表計算3

関数の利用

前回のいちご狩りシートを用いて、復習していきます。

ROUNDUP関数

ROUNDUP(数値,桁数)

指定した桁数になるように数値を切り上げます。

  1. 各人の料金を出します。 Gの列を選択して、右クリック - [挿入]をクリックします。 "G2" に あまおう(円) と入力します。
  2. 次に "G3" を選択します。 [ホーム]リボン - [編集]タブ - [オートSUM]の[▼] - [その他の関数]をクリックします。 もしくは、[数式]リボン - [関数ライブラリ]タブ - [関数の挿入]をクリックします。
  3. "関数の検索"で"切り上げ"の検索をします。 候補の中から ROUNDUP を選択して、[OK]をクリックします。

    関数の挿入から「ROUNDUP」を選択

  4. 今回は、あまおうの値段が 100単位であるため、数値に C3/100 と入れます。

  5. 次に桁数を 0 を入れます。 ここで指定した桁数より下の位の数字が存在する場合、指定した桁数になるように切り上げされます。 [OK]をクリックします。

    引数の設定

    数値は 0.98 ですが、切り上げになるので、 1 になります。 ここでは、セルの表示形式を "通貨" にしておくと、' ¥ 1 ' と表示され、料金らしくなります。

  6. これだけでは、料金になりません。 続いて、数式バーにカーソルを移して、数式を完成させましょう。 =ROUNDUP(C3/100,0) の後に * と打ち、 "J3" を選択します。 [F4]キーを押して、絶対参照にするのを忘れないでください。 最終的に、 =ROUNDUP(C3/100,0)*$J$3 とします。

    計算式の追加

    これで上杉さんのあまおうの料金が導き出されました。 このようにして、関数は数式の中に入れることもできます。

  7. オートフィルで "G3" から "G12" まで伸ばして、料金を全て求めましょう。 正しくできていれば、このようになります。

    料金計算の結果

  8. これだけでは、あまおうの料金しか求められていません。 時間に余裕があれば、他の品種の料金も求めてみてださい。

切り上げの他にも =ROUNDDOWN(数値,桁数) という切り捨てや =ROUND(数値,桁数) という四捨五入の関数もあります。

ソートとフィルター

Excelにはデータベースとしての機能もあります。 その中の、ソートとフィルターについて説明します。

以下では、統計表 を用いて説明します。 元のデータは、平成27年度の国勢調査です。

注) 国勢調査令(昭和55年政令第98号)の規定に基づき,調査の対象から除外された次の地域の面積を除いて算出した。
  • 歯舞群島(99.94km2)
  • 色丹島(253.33km2),国後島(1498.83km2)及び択捉島(3184.04km2) (属島を含む)
  • 竹島(0.23km2)
また、一部境界未定のため,総務省統計局において推定した。

ソート

ソートは、データの並び替えを行う機能です。

簡易的な並べ替え

並べ替える基準になるセルを選択します。 そして[ホーム]リボン - [編集]タブ - [並び替えとフィルター]をクリックします。 その後、[昇順]もしくは[降順]をクリックして、並び替えを行います。

並び替えとフィルターを選択

並び替えが行われました。

並び替えの結果

文字列以外にも、数値を並び替えることも出来ます。
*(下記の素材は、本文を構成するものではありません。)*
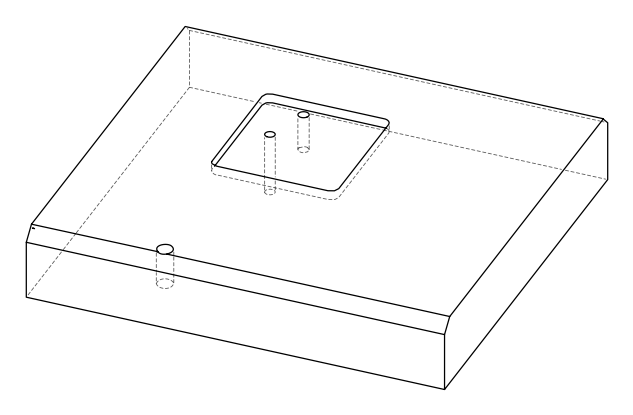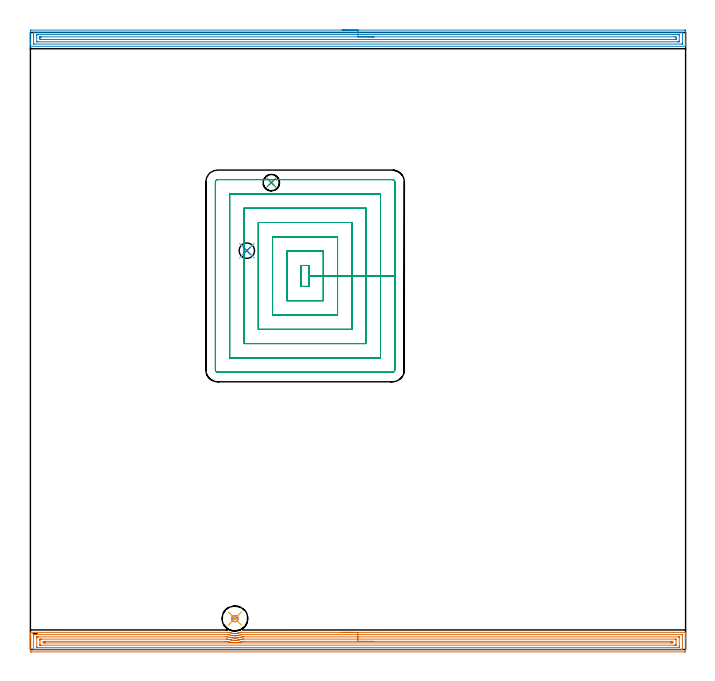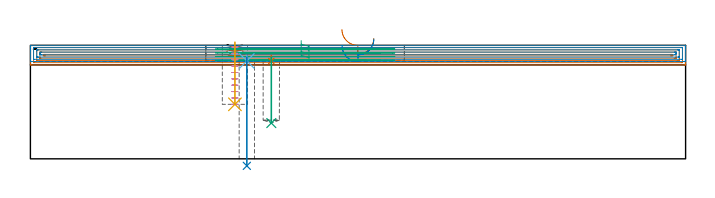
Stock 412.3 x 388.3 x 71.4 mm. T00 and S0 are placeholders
(PLAN: 9 operations, 5 tool changes, 46.5 min)
(1 AREA_MILL | FG_CHAMFER_SURFACE | UGT0205_001 | 16.71 min | 31187 mm3)
(2 AREA_MILL_1 | FG_CHAMFER_SURFACE_1 | UGT0205_001 | 13.42 min | 21433 mm3)
(3 MILL_RECTANGULAR_POCKET | POCKET_RECTANGULAR_STRAIGHT | UGT0201_130 | Follow Part, ap 3, ae 75% | 14.89 min | 155990 mm3)
(4 MILL_BLIND_HOLE_FROM_SOLID_MATERIAL | STEP1POCKET | UGT0201_130 | Spiral | 0.77 min | 7342 mm3)
(5 BORE_BLIND_HOLE | STEP1POCKET | UGT0332_074 | 0.16 min | 0 mm3)
(6 SPOT_DRILL | STEP1HOLE | NXT0321_9005460120000 | 0.03 min | 9 mm3)
(7 SPOT_DRILL_1 | STEP1POCKET_1 | NXT0321_9005460120000 | 0.03 min | 1 mm3)
(8 DRILL_THROUGH_HOLE_INTO_CENTER | STEP1HOLE | UGT0301_492 | 0.28 min | 4540 mm3)
(9 DRILL_BLIND_HOLE_INTO_CENTER | STEP1POCKET_1 | NXT0301_074 | 0.17 min | 3174 mm3)
(TOOL UGT0205_001 | Chamfer Mill 20 x 3 x 45 deg. | D20 FL50 Z2)
(TOOL UGT0201_130 | Carbide End Mill 12.0 | D12 FL15 Z4)
(TOOL UGT0332_074 | 15.8 mm Rough Boring Bar | D15.8)
(TOOL NXT0321_9005460120000 | NC Spot Drill, 142deg, 12mm, Carbide, Uncoated | D12 PA142 FL30 Z2)
(TOOL UGT0301_492 | Carbide Drill 9.7 mm | D9.7 PA118 FL87 Z2)
(TOOL NXT0301_074 | Carbide Drill 10.3mm [860.1-1030-031A1-MM 2214] | D10.3 PA140 FL55 Z2)
(OP 1 AREA_MILL)
G17 G21 G94 G90
T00 M6
G54
G17 G0 G90 X196.043 Y10.8 S1061 M3
G43 Z81.4 H0
G94 G1 X196.081 Z80.528 F250.
X196.195 Z79.663
X196.384 Z78.812
X196.646 Z77.98
X196.98 Z77.174
X197.383 Z76.4
X197.852 Z75.664
X198.383 Z74.972
X198.972 Z74.329
X199.615 Z73.739
X200.307 Z73.208
X201.043 Z72.74
X201.817 Z72.337
X202.623 Z72.003
X203.455 Z71.741
X204.307 Z71.552
X205.172 Z71.438
X206.043 Z71.4
X412.125
X412.299 Y10.804 Z71.394
X412.3 Y10.463 Z71.063
Y10.178 Z70.777
Y9.49 Z70.085
Y8.266 Z68.863
Y7.73 Z68.324
Y7.118 Z67.713
Y-0.458 Z60.14
X412.295 Y-1.07 Z59.528
X412.29 Y-1.492 Z59.106
X412.112 Y-1.496 Z59.102
X411.678 Y-1.5 Z59.1
X0.622
X0.161 Y-1.496 Z59.102
X0.01 Y-1.492 Z59.106
X0. Y-1.338 Z59.26
Y7.73 Z68.324
Y8.266 Z68.862
Y8.61 Z69.206
Y9.146 Z69.742
Y9.49 Z70.085
Y10.178 Z70.778
Y10.463 Z71.063
X0.001 Y10.804 Z71.394
X0.175 Y10.8 Z71.4
X124.832
X125.326 Y10.796 Z71.389
X125.521 Y10.723 Z71.317
X125.763 Y10.62 Z71.217
X125.847 Y10.59 Z71.187
X126.207 Y10.46 Z71.058
X126.656 Y10.327 Z70.923
X127.101 Y10.222 Z70.821
X127.415 Y10.166 Z70.765
X127.549 Y10.142 Z70.741
X127.855 Y10.104 Z70.696
X127.951 Y10.089 Z70.686
X128.059 Y10.08 Z70.679
X128.103 Y10.077 Z70.676
X128.196 Y10.07 Z70.669
X128.407 Y10.063 Z70.656
X128.442 Y10.061 Z70.655
X128.524 Y10.06
X128.686 Y10.063 Z70.648
X128.871 Z70.651
X129.103 Y10.07 Z70.666
X129.3 Y10.079 Z70.674
X129.334 Y10.08 Z70.677
X129.339
X129.449 Y10.089 Z70.687
X129.84 Y10.14 Z70.739
X130.229 Y10.206 Z70.806
X130.253 Y10.212 Z70.811
X130.641 Y10.304 Z70.897
X130.677 Y10.311 Z70.906
X130.831 Y10.353 Z70.952
X130.888 Y10.37 Z70.969
X131.087 Y10.43 Z71.022
X131.122 Y10.439 Z71.032
X131.571 Y10.596 Z71.195
X131.799 Y10.689 Z71.288
X131.981 Y10.762 Z71.36
X132.066 Y10.794 Z71.392
X132.875 Y10.8 Z71.4
X206.043
Y9.386 Z69.986
X409.998 Y9.385 Z69.985
X410.259 Y9.38 Z69.98
X410.285 Y9.379 Z69.979
X410.29 Y9.362 Z69.962
X410.296 Y9.329 Z69.929
X410.298 Y9.297 Z69.897
X410.3 Y9.087 Z69.687
Y8.61 Z69.21
Y1.168 Z61.768
X410.297 Y0.69 Z61.29
X410.293 Y0.295 Z60.895
X410.276 Y-0.079 Z60.521
X409.891 Y-0.084 Z60.516
X409.785 Y-0.085 Z60.515
X2.302
X2.041 Y-0.08 Z60.52
X2.015 Y-0.079 Z60.521
X2.01 Y-0.062 Z60.538
X2.004 Y-0.029 Z60.571
X2.001 Y0.003 Z60.603
X2. Y0.213 Z60.813
Y0.69 Z61.29
Y8.132 Z68.732
X2.003 Y8.61 Z69.21
X2.007 Y9.005 Z69.605
X2.024 Y9.379 Z69.979
X2.409 Y9.384 Z69.984
X2.515 Y9.385 Z69.985
X124.438
X124.635 Y9.384 Z69.984
X124.733 Y9.381 Z69.981
X124.78 Y9.379 Z69.979
X124.832 Y9.363 Z69.963
X125.027 Y9.298 Z69.898
X125.456 Y9.156 Z69.756
X125.726 Y9.075 Z69.675
X125.981 Y9.002 Z69.602
X126.302 Y8.923 Z69.523
X126.619 Y8.855 Z69.455
X126.733 Y8.834 Z69.434
X127.459 Y8.717 Z69.317
X127.513 Y8.711 Z69.311
X127.932 Y8.674 Z69.274
X128.369 Y8.647 Z69.247
X128.407 Y8.646 Z69.246
X128.837 Y8.649 Z69.249
X129.25 Y8.659 Z69.259
X129.3 Y8.662 Z69.262
X129.707 Y8.692 Z69.292
X130.068 Y8.734 Z69.334
X130.194 Y8.75 Z69.35
X130.271 Y8.762 Z69.362
X130.945 Y8.891 Z69.491
X131.087 Y8.923 Z69.523
X131.545 Y9.039 Z69.639
X131.981 Y9.166 Z69.766
X132.504 Y9.341 Z69.941
X132.586 Y9.369 Z69.969
X132.679 Y9.379 Z69.979
X132.875 Y9.383 Z69.983
X132.981 Y9.385 Z69.985
X206.043 Y9.386 Z69.986
Y7.971 Z68.571
X408.104
X408.186 Y7.97 Z68.57
X408.251 Y7.967 Z68.567
X408.286 Y7.965 Z68.565
X408.29 Y7.922 Z68.522
X408.296 Y7.73 Z68.33
X408.299 Y7.538 Z68.138
X408.3 Y2.257 Z62.857
X408.295 Y1.57 Z62.17
X408.292 Y1.385 Z61.985
X408.28 Y1.335 Z61.935
X408.226 Y1.333 Z61.933
X408.104 Y1.331 Z61.931
X407.456 Y1.329 Z61.929
X407.21 Y1.328 Z61.928
X4.196 Y1.329 Z61.929
X4.114 Y1.33 Z61.93
X4.049 Y1.333 Z61.933
X4.014 Y1.335 Z61.935
X4.01 Y1.378 Z61.978
X4.004 Y1.57 Z62.17
X4.001 Y1.762 Z62.362
X4. Y7.043 Z67.643
X4.005 Y7.73 Z68.33
X4.008 Y7.915 Z68.515
X4.02 Y7.965 Z68.565
X4.074 Y7.967 Z68.567
X4.196 Y7.969 Z68.569
X4.844 Y7.971 Z68.571
X5.09
X123.045
X123.694 Y7.97 Z68.57
X123.939 Y7.968 Z68.568
X124.261 Y7.964 Z68.564
X125.077 Y7.73 Z68.33
X125.726 Y7.572 Z68.172
X125.933 Y7.525 Z68.125
X126.619 Y7.405 Z68.005
X127.013 Y7.342 Z67.942
X127.513 Y7.287 Z67.887
X127.997 Y7.253 Z67.853
X128.407 Y7.237 Z67.837
X128.908 Y7.236 Z67.836
X129.3 Y7.25 Z67.85
X129.761 Y7.276 Z67.876
X130.194 Y7.317 Z67.917
X130.565 Y7.365 Z67.965
X131.087 Y7.455 Z68.055
X131.322 Y7.499 Z68.099
X131.981 Y7.643 Z68.243
X132.052 Y7.66 Z68.26
X132.321 Y7.73 Z68.33
X133.045 Y7.946 Z68.546
X133.12 Y7.964 Z68.564
X133.199 Y7.966 Z68.566
X133.524 Y7.97 Z68.57
X133.768 Y7.971 Z68.571
X134.416
X206.043
Y6.557 Z67.157
X405.721
X406.162 Y6.554 Z67.154
X406.254 Y6.552 Z67.152
X406.289 Y6.551 Z67.151
X406.292 Y6.506 Z67.106
X406.296 Y6.402 Z67.002
X406.3 Y5.987 Z66.587
Y3.347 Z63.947
Y3.33 Z63.93
X406.293 Y2.898 Z63.498
X406.29 Y2.791 Z63.391
X406.282 Y2.749 Z63.349
X406.218 Y2.748 Z63.348
X406.018 Y2.745 Z63.345
X405.423 Y2.743 Z63.343
X405.126
X6.579
X6.138 Y2.745 Z63.345
X6.046 Y2.747 Z63.347
X6.011 Y2.749 Z63.349
X6.008 Y2.794 Z63.394
X6.004 Y2.898 Z63.498
X6. Y3.313 Z63.913
Y5.953 Z66.553
Y5.97 Z66.57
X6.007 Y6.401 Z67.001
X6.01 Y6.509 Z67.109
X6.018 Y6.551 Z67.151
X6.082 Y6.552 Z67.152
X6.282 Y6.555 Z67.155
X6.877 Y6.557 Z67.157
X7.174
X123.343
X123.64 Y6.554 Z67.154
X123.789 Y6.55 Z67.15
X123.862 Y6.547 Z67.147
X123.939 Y6.527 Z67.127
X124.391 Y6.404 Z67.004
X124.832 Y6.294 Z66.894
X125.161 Y6.215 Z66.815
X125.564 Y6.129 Z66.729
X125.726 Y6.1 Z66.7
X126.484 Y5.97 Z66.57
X126.619 Y5.949 Z66.549
X126.644 Y5.946 Z66.546
X127.513 Y5.864 Z66.464
X127.629 Y5.855 Z66.455
X128.407 Y5.823 Z66.423
X128.558 Y5.821 Z66.421
X129.3 Y5.833 Z66.433
X129.434 Y5.838 Z66.438
X130.194 Y5.887 Z66.487
X130.271 Y5.894 Z66.494
X130.948 Y5.97 Z66.57
X131.068 Y5.989 Z66.589
X131.087 Y5.992 Z66.592
X131.82 Y6.128 Z66.728
X131.981 Y6.162 Z66.762
X132.549 Y6.291 Z66.891
X132.875 Y6.373 Z66.973
X133.547 Y6.548 Z67.148
X133.62 Y6.552 Z67.152
X133.768 Y6.555 Z67.155
X134.066 Y6.557 Z67.157
X206.043
Y5.143 Z65.743
X402.742
X403.585 Y5.14 Z65.74
X403.636 Y5.138 Z65.738
X404.29 Y5.09 Z65.69
X404.295 Y4.441 Z65.041
X404.29 Y4.21 Z64.81
X403.685 Y4.161 Z64.761
X403.636 Y4.16 Z64.76
X402.796 Y4.157 Z64.757
X9.558
X8.715 Y4.159 Z64.759
X8.664 Y4.162 Z64.762
X8.01 Y4.21 Z64.81
X8.005 Y4.859 Z65.459
X8.01 Y5.09 Z65.69
X8.615 Y5.138 Z65.738
X8.664 Y5.14 Z65.74
X9.504 Y5.143 Z65.743
X122.151
X122.994 Y5.14 Z65.74
X123.045 Y5.137 Z65.737
X123.611 Y5.09 Z65.69
X123.939 Y5.012 Z65.612
X124.043 Y4.987 Z65.587
X124.832 Y4.81 Z65.41
X125.186 Y4.741 Z65.341
X125.726 Y4.65 Z65.25
X126.26 Y4.564 Z65.164
X126.619 Y4.526 Z65.126
X127.256 Y4.463 Z65.063
X127.513 Y4.446 Z65.046
X128.2 Y4.414 Z65.014
X128.407 Y4.408 Z65.008
X129.093 Y4.414 Z65.014
X129.3 Y4.419 Z65.019
X129.947 Y4.453 Z65.053
X130.194 Y4.469 Z65.069
X130.77 Y4.522 Z65.122
X131.087 Y4.56 Z65.16
X131.56 Y4.625 Z65.225
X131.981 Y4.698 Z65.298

下の例は、"平成22年"を昇順で並び替えたものです。

並び替え

通常の並び替え

さらに複雑な並び替えをする場合、こちらの方法を用います。

まず、[ホーム]リボン - [編集]タブ - [並び替えとフィルター] - [ユーザー設定の並び替え]をクリックします。

ユーザー設定並び替えを選択

すると、以下のようなウィンドウが開きます。

並び替え設定ウィンドウ

ここでは、複数の条件の並べ替えを行うことが出来ます。 [レベルの追加]をクリックして、新たに条件キーを追加してみましょう。

並び替え条件の追加(レベルの追加)

条件キーは上から順番に適用されていきます。 また、[並び替えオプション]をクリックすると、さらにいろいろなオプションを指定することができます。

条件の詳細設定

フィルター

Excelには、フィルターというデータを抽出する機能があります。

オートフィルター

まず、表内の適当なセルを選択後、[ホーム]リボン - [編集]タブ - [並び替えとフィルター] - [フィルター]をクリックしましょう。

フィルターを選択

フィルター状態

このフィルターは[ホーム]リボン - [編集]タブ - [並び替えとフィルター] - [フィルター]を再度押すことで解除することができます。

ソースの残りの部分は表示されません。